(Supplied material Opens)
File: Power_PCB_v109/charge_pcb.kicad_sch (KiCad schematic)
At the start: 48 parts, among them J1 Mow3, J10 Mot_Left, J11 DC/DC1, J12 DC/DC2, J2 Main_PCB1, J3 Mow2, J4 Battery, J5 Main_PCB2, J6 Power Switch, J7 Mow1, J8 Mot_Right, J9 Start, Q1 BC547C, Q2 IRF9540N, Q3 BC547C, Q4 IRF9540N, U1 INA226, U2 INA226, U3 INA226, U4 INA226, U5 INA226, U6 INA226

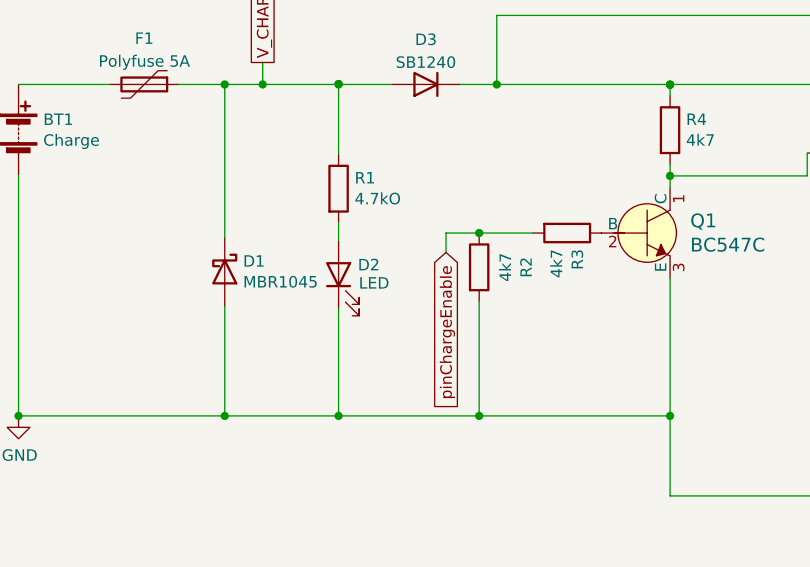
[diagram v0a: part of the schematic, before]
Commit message: Update PDF, Picture, Route
Update the PDF File of the Board.
Update PCB Picture.
Route the PCB
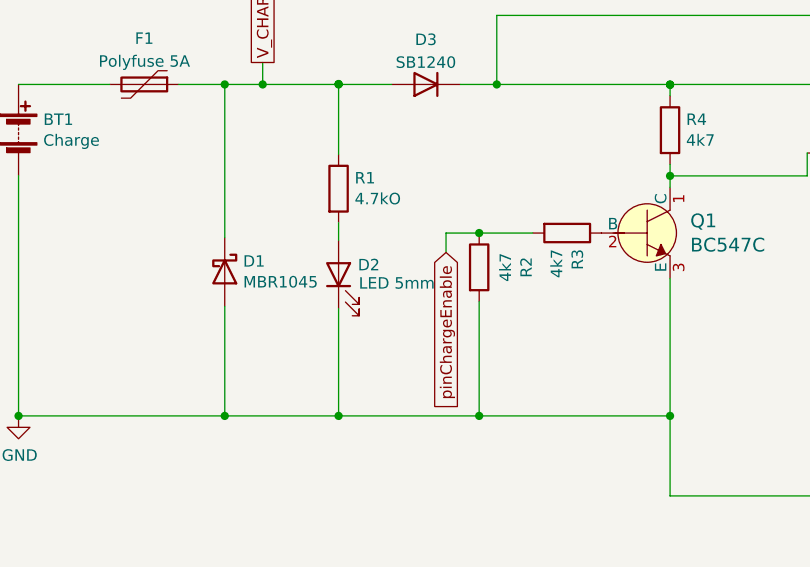
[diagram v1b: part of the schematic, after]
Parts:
- D2: value LED -> LED 5mm
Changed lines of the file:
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@@
       (effects (font (size 1.27 1.27)) (justify right))
     )
-    (property "Value" "LED" (id 1) (at 53.0352 58.928 90)
+    (property "Value" "LED 5mm" (id 1) (at 53.0352 58.928 90)
       (effects (font (size 1.27 1.27)) (justify right))
     )
@@
     )
     (path "/00000000-0000-0000-0000-00006073c265"
-      (reference "D2") (unit 1) (value "LED") (footprint "LED_THT:LED_D1.8mm_W3.3mm_H2.4mm")
+      (reference "D2") (unit 1) (value "LED 5mm") (footprint "LED_THT:LED_D1.8mm_W3.3mm_H2.4mm")
     )
     (path "/069524d1-a3ab-4e3d-9f78-5590c2ce50ad"

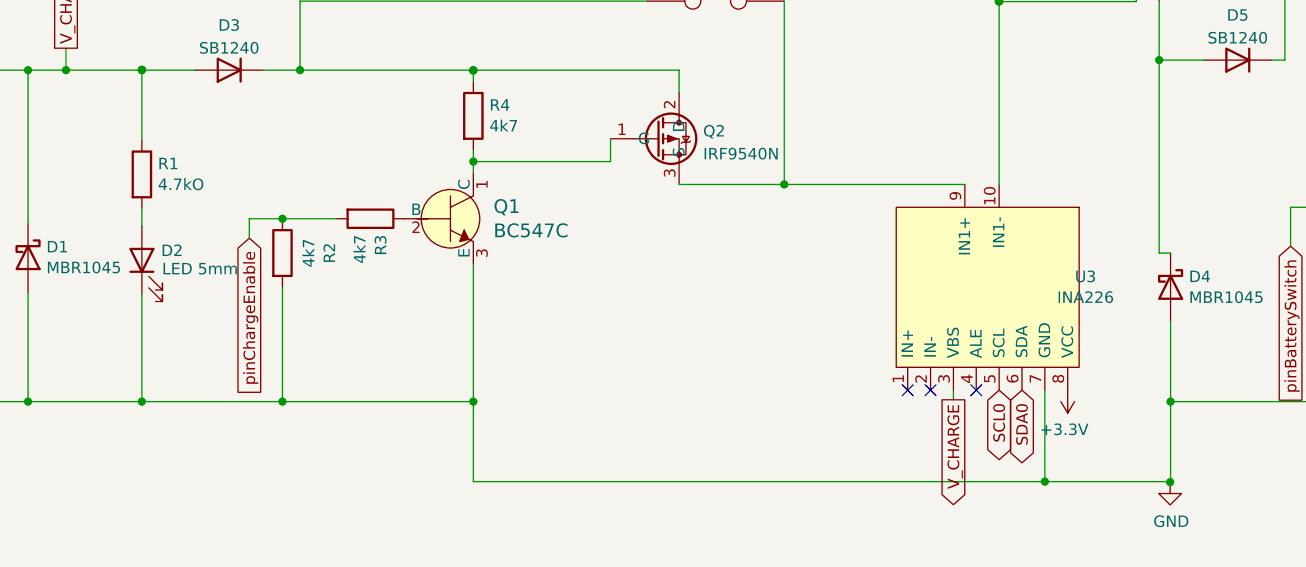
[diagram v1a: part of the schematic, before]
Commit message: Add some Logos to PCB
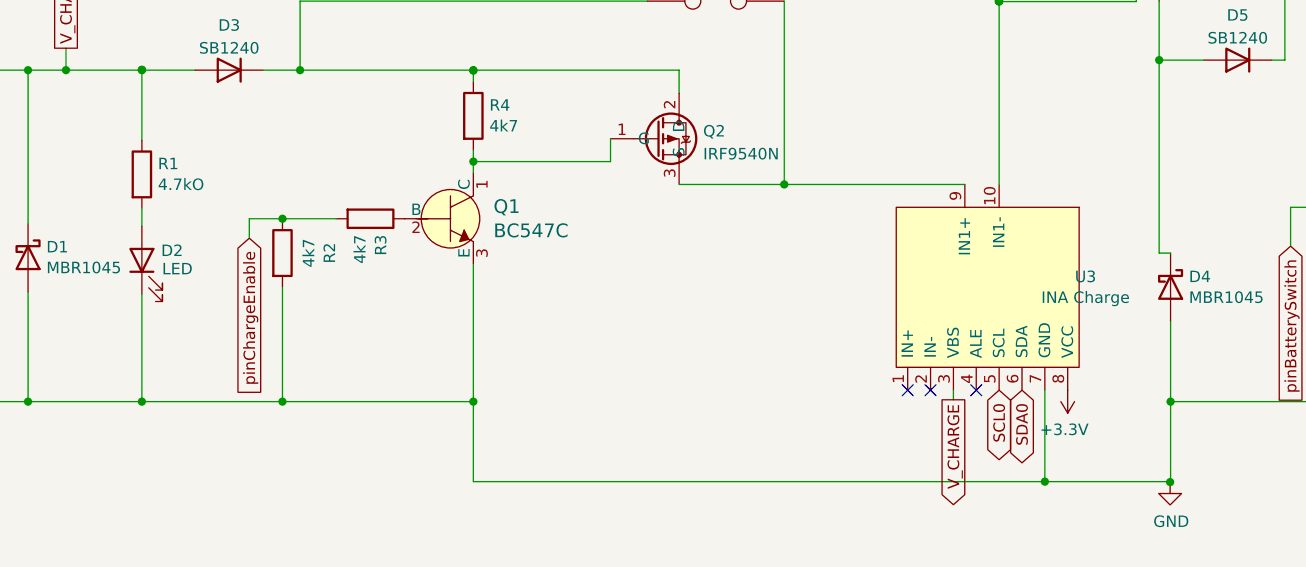
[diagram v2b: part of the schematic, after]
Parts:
- D2: value LED 5mm -> LED
- U3: value INA226 -> INA Charge
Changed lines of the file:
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@@
   (title_block
     (title "PowerPCB")
-    (date "2023-11-09")
+    (date "2023-12-05")
     (rev "v1.09")
     (comment 1 "Redesign by S.D original by Bernard")
@@
       (effects (font (size 1.27 1.27)) (justify right))
     )
-    (property "Value" "LED 5mm" (id 1) (at 53.0352 58.928 90)
+    (property "Value" "LED" (id 1) (at 53.0352 58.928 90)
       (effects (font (size 1.27 1.27)) (justify right))
     )
@@
     (in_bom yes) (on_board yes)
     (property "Reference" "U3" (id 0) (at 155.6512 59.7916 90))
-    (property "Value" "INA226" (id 1) (at 155.6512 62.103 90))
+    (property "Value" "INA Charge" (id 1) (at 155.6512 62.103 90))
     (property "Footprint" "Current_sense:INA226" (id 2) (at 133.35 60.96 0)
       (effects (font (size 1.27 1.27)) hide)
@@
     )
     (path "/00000000-0000-0000-0000-00006073c265"
-      (reference "D2") (unit 1) (value "LED 5mm") (footprint "LED_THT:LED_D1.8mm_W3.3mm_H2.4mm")
+      (reference "D2") (unit 1) (value "LED") (footprint "LED_THT:LED_D1.8mm_W3.3mm_H2.4mm")
     )
     (path "/069524d1-a3ab-4e3d-9f78-5590c2ce50ad"
@@
     )
     (path "/00000000-0000-0000-0000-000060ef0e1b"
-      (reference "U3") (unit 1) (value "INA226") (footprint "Current_sense:INA226")
+      (reference "U3") (unit 1) (value "INA Charge") (footprint "Current_sense:INA226")
     )
     (path "/00000000-0000-0000-0000-0000610169e3"

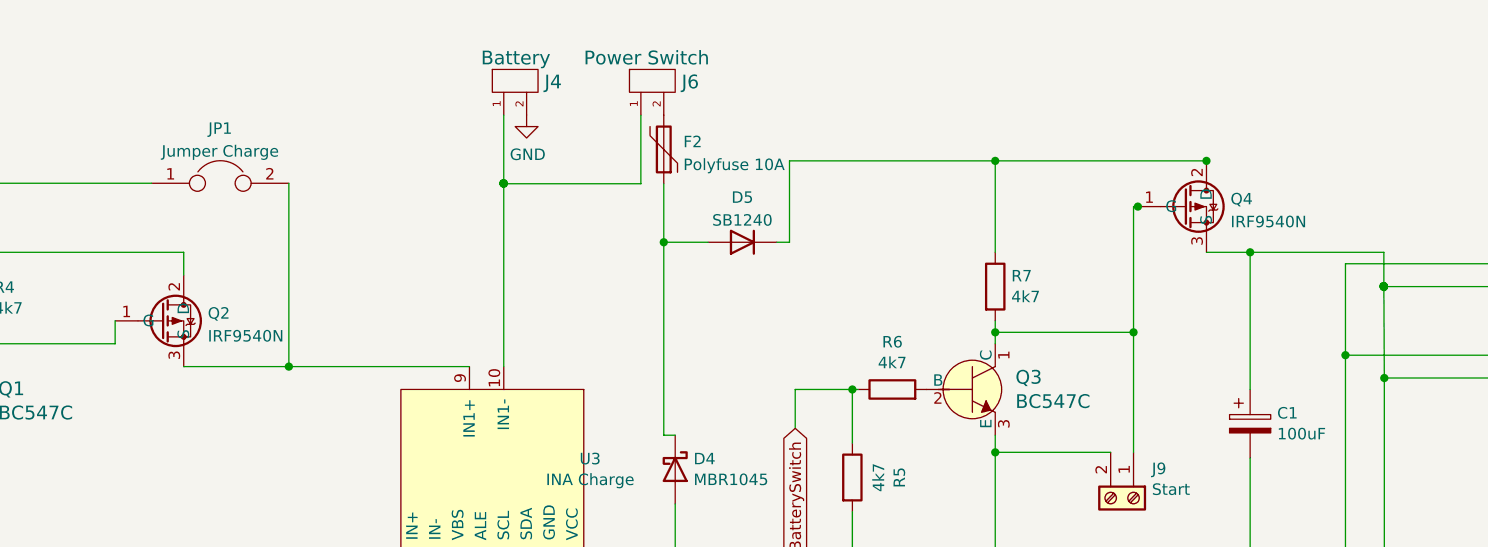
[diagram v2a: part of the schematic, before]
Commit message: Wrong Direktion of Q2 and Q4
The Drain and Source Pin was in the wrong direction.
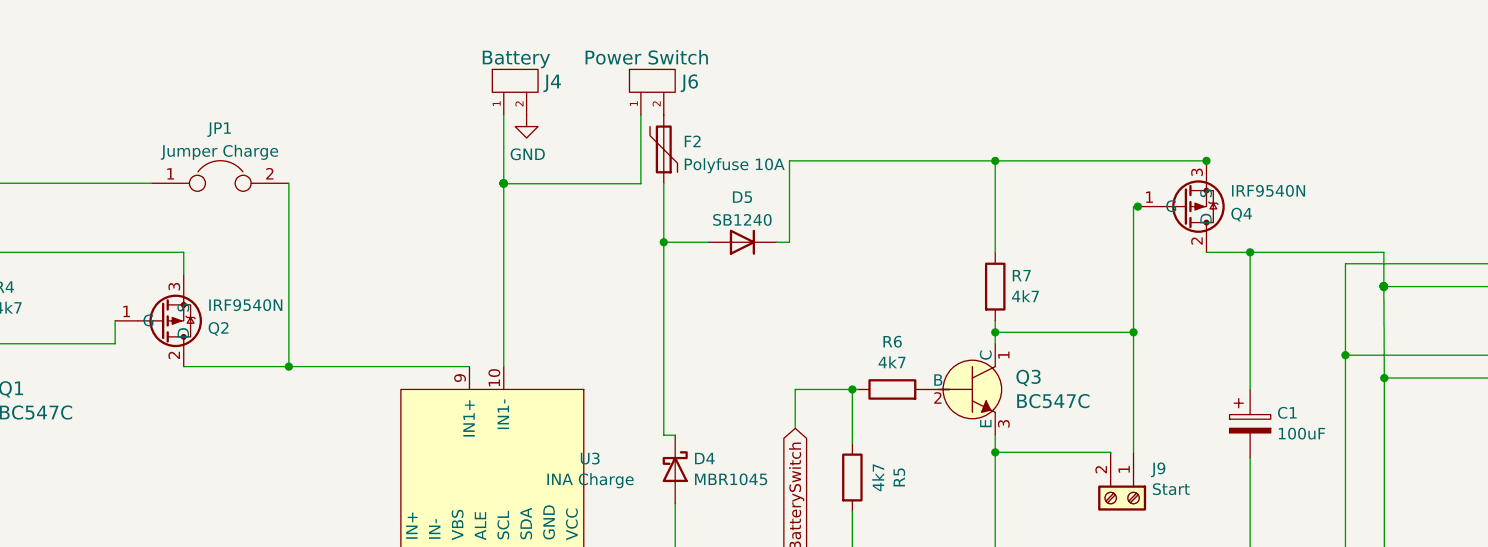
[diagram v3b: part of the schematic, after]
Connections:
- net V_Bat: now also Q4.2 (D); no longer Q4.3 (S)
- net at D3.1 (K), JP1.1, R4.1: now also Q2.3 (S); no longer Q2.2 (D)
- net at D5.1 (K), R7.1: now also Q4.3 (S); no longer Q4.2 (D)
- net at JP1.2, U3.9 (IN1+): now also Q2.2 (D); no longer Q2.3 (S)
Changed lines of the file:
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@@
   (title_block
     (title "PowerPCB")
-    (date "2023-12-05")
-    (rev "v1.09")
+    (date "2024-02-07")
+    (rev "v1.09.1")
     (comment 1 "Redesign by S.D original by Bernard")
     (comment 2 "Designed for TeensyMower")
@@
     (pin "2")
   )
-  (symbol (lib_name "IRF9540N_2") (lib_id "Transistor_FET:IRF9540N") (at 107.95 44.45 0) (unit 1)
+  (symbol (lib_name "IRF9540N_2") (lib_id "Transistor_FET:IRF9540N") (at 107.95 44.45 0) (mirror x) (unit 1)
     (in_bom yes) (on_board yes) (fields_autoplaced)
-    (property "Reference" "Q2" (id 0) (at 113.157 43.6153 0)
-      (effects (font (size 1.27 1.27)) (justify left))
-    )
-    (property "Value" "IRF9540N" (id 1) (at 113.157 46.1522 0)
-      (effects (font (size 1.27 1.27)) (justify left))
-    )
-    (property "Footprint" "Package_TO_SOT_THT:TO-220-3_Vertical" (id 2) (at 113.03 46.355 0)
+    (property "Reference" "Q2" (id 0) (at 113.157 45.2847 0)
+      (effects (font (size 1.27 1.27)) (justify left))
+    )
+    (property "Value" "IRF9540N" (id 1) (at 113.157 42.7478 0)
+      (effects (font (size 1.27 1.27)) (justify left))
+    )
+    (property "Footprint" "Package_TO_SOT_THT:TO-220-3_Vertical" (id 2) (at 113.03 42.545 0)
       (effects (font (size 1.27 1.27) italic) (justify left) hide)
     )
@@
     (pin "2")
   )
-  (symbol (lib_name "IRF9540N_2") (lib_id "Transistor_FET:IRF9540N") (at 221.5896 31.75 0) (unit 1)
+  (symbol (lib_name "IRF9540N_2") (lib_id "Transistor_FET:IRF9540N") (at 221.5896 31.75 0) (mirror x) (unit 1)
     (in_bom yes) (on_board yes) (fields_autoplaced)
-    (property "Reference" "Q4" (id 0) (at 226.7966 30.9153 0)
-      (effects (font (size 1.27 1.27)) (justify left))
-    )
-    (property "Value" "IRF9540N" (id 1) (at 226.7966 33.4522 0)
-      (effects (font (size 1.27 1.27)) (justify left))
-    )
-    (property "Footprint" "Package_TO_SOT_THT:TO-220-3_Vertical" (id 2) (at 226.6696 33.655 0)
+    (property "Reference" "Q4" (id 0) (at 226.7966 32.5847 0)
+      (effects (font (size 1.27 1.27)) (justify left))
+    )
+    (property "Value" "IRF9540N" (id 1) (at 226.7966 30.0478 0)
+      (effects (font (size 1.27 1.27)) (justify left))
+    )
+    (property "Footprint" "Package_TO_SOT_THT:TO-220-3_Vertical" (id 2) (at 226.6696 29.845 0)
       (effects (font (size 1.27 1.27) italic) (justify left) hide)
     )
(Supplied material Closes)
*Activity*. Write out all the records again, exactly, minus any pictures.

*Answer for this exercise*.
File: Power_PCB_v109/charge_pcb.kicad_sch (KiCad schematic)
At the start: 48 parts, among them J1 Mow3, J10 Mot_Left, J11 DC/DC1, J12 DC/DC2, J2 Main_PCB1, J3 Mow2, J4 Battery, J5 Main_PCB2, J6 Power Switch, J7 Mow1, J8 Mot_Right, J9 Start, Q1 BC547C, Q2 IRF9540N, Q3 BC547C, Q4 IRF9540N, U1 INA226, U2 INA226, U3 INA226, U4 INA226, U5 INA226, U6 INA226

[diagram v0a: part of the schematic, before]
Commit message: Update PDF, Picture, Route
Update the PDF File of the Board.
Update PCB Picture.
Route the PCB
[diagram v1b: part of the schematic, after]
Parts:
- D2: value LED -> LED 5mm
Changed lines of the file:
@@
       (effects (font (size 1.27 1.27)) (justify right))
     )
-    (property "Value" "LED" (id 1) (at 53.0352 58.928 90)
+    (property "Value" "LED 5mm" (id 1) (at 53.0352 58.928 90)
       (effects (font (size 1.27 1.27)) (justify right))
     )
@@
     )
     (path "/00000000-0000-0000-0000-00006073c265"
-      (reference "D2") (unit 1) (value "LED") (footprint "LED_THT:LED_D1.8mm_W3.3mm_H2.4mm")
+      (reference "D2") (unit 1) (value "LED 5mm") (footprint "LED_THT:LED_D1.8mm_W3.3mm_H2.4mm")
     )
     (path "/069524d1-a3ab-4e3d-9f78-5590c2ce50ad"

[diagram v1a: part of the schematic, before]
Commit message: Add some Logos to PCB
[diagram v2b: part of the schematic, after]
Parts:
- D2: value LED 5mm -> LED
- U3: value INA226 -> INA Charge
Changed lines of the file:
@@
   (title_block
     (title "PowerPCB")
-    (date "2023-11-09")
+    (date "2023-12-05")
     (rev "v1.09")
     (comment 1 "Redesign by S.D original by Bernard")
@@
       (effects (font (size 1.27 1.27)) (justify right))
     )
-    (property "Value" "LED 5mm" (id 1) (at 53.0352 58.928 90)
+    (property "Value" "LED" (id 1) (at 53.0352 58.928 90)
       (effects (font (size 1.27 1.27)) (justify right))
     )
@@
     (in_bom yes) (on_board yes)
     (property "Reference" "U3" (id 0) (at 155.6512 59.7916 90))
-    (property "Value" "INA226" (id 1) (at 155.6512 62.103 90))
+    (property "Value" "INA Charge" (id 1) (at 155.6512 62.103 90))
     (property "Footprint" "Current_sense:INA226" (id 2) (at 133.35 60.96 0)
       (effects (font (size 1.27 1.27)) hide)
@@
     )
     (path "/00000000-0000-0000-0000-00006073c265"
-      (reference "D2") (unit 1) (value "LED 5mm") (footprint "LED_THT:LED_D1.8mm_W3.3mm_H2.4mm")
+      (reference "D2") (unit 1) (value "LED") (footprint "LED_THT:LED_D1.8mm_W3.3mm_H2.4mm")
     )
     (path "/069524d1-a3ab-4e3d-9f78-5590c2ce50ad"
@@
     )
     (path "/00000000-0000-0000-0000-000060ef0e1b"
-      (reference "U3") (unit 1) (value "INA226") (footprint "Current_sense:INA226")
+      (reference "U3") (unit 1) (value "INA Charge") (footprint "Current_sense:INA226")
     )
     (path "/00000000-0000-0000-0000-0000610169e3"

[diagram v2a: part of the schematic, before]
Commit message: Wrong Direktion of Q2 and Q4
The Drain and Source Pin was in the wrong direction.
[diagram v3b: part of the schematic, after]
Connections:
- net V_Bat: now also Q4.2 (D); no longer Q4.3 (S)
- net at D3.1 (K), JP1.1, R4.1: now also Q2.3 (S); no longer Q2.2 (D)
- net at D5.1 (K), R7.1: now also Q4.3 (S); no longer Q4.2 (D)
- net at JP1.2, U3.9 (IN1+): now also Q2.2 (D); no longer Q2.3 (S)
Changed lines of the file:
@@
   (title_block
     (title "PowerPCB")
-    (date "2023-12-05")
-    (rev "v1.09")
+    (date "2024-02-07")
+    (rev "v1.09.1")
     (comment 1 "Redesign by S.D original by Bernard")
     (comment 2 "Designed for TeensyMower")
@@
     (pin "2")
   )
-  (symbol (lib_name "IRF9540N_2") (lib_id "Transistor_FET:IRF9540N") (at 107.95 44.45 0) (unit 1)
+  (symbol (lib_name "IRF9540N_2") (lib_id "Transistor_FET:IRF9540N") (at 107.95 44.45 0) (mirror x) (unit 1)
     (in_bom yes) (on_board yes) (fields_autoplaced)
-    (property "Reference" "Q2" (id 0) (at 113.157 43.6153 0)
-      (effects (font (size 1.27 1.27)) (justify left))
-    )
-    (property "Value" "IRF9540N" (id 1) (at 113.157 46.1522 0)
-      (effects (font (size 1.27 1.27)) (justify left))
-    )
-    (property "Footprint" "Package_TO_SOT_THT:TO-220-3_Vertical" (id 2) (at 113.03 46.355 0)
+    (property "Reference" "Q2" (id 0) (at 113.157 45.2847 0)
+      (effects (font (size 1.27 1.27)) (justify left))
+    )
+    (property "Value" "IRF9540N" (id 1) (at 113.157 42.7478 0)
+      (effects (font (size 1.27 1.27)) (justify left))
+    )
+    (property "Footprint" "Package_TO_SOT_THT:TO-220-3_Vertical" (id 2) (at 113.03 42.545 0)
       (effects (font (size 1.27 1.27) italic) (justify left) hide)
     )
@@
     (pin "2")
   )
-  (symbol (lib_name "IRF9540N_2") (lib_id "Transistor_FET:IRF9540N") (at 221.5896 31.75 0) (unit 1)
+  (symbol (lib_name "IRF9540N_2") (lib_id "Transistor_FET:IRF9540N") (at 221.5896 31.75 0) (mirror x) (unit 1)
     (in_bom yes) (on_board yes) (fields_autoplaced)
-    (property "Reference" "Q4" (id 0) (at 226.7966 30.9153 0)
-      (effects (font (size 1.27 1.27)) (justify left))
-    )
-    (property "Value" "IRF9540N" (id 1) (at 226.7966 33.4522 0)
-      (effects (font (size 1.27 1.27)) (justify left))
-    )
-    (property "Footprint" "Package_TO_SOT_THT:TO-220-3_Vertical" (id 2) (at 226.6696 33.655 0)
+    (property "Reference" "Q4" (id 0) (at 226.7966 32.5847 0)
+      (effects (font (size 1.27 1.27)) (justify left))
+    )
+    (property "Value" "IRF9540N" (id 1) (at 226.7966 30.0478 0)
+      (effects (font (size 1.27 1.27)) (justify left))
+    )
+    (property "Footprint" "Package_TO_SOT_THT:TO-220-3_Vertical" (id 2) (at 226.6696 29.845 0)
       (effects (font (size 1.27 1.27) italic) (justify left) hide)
     )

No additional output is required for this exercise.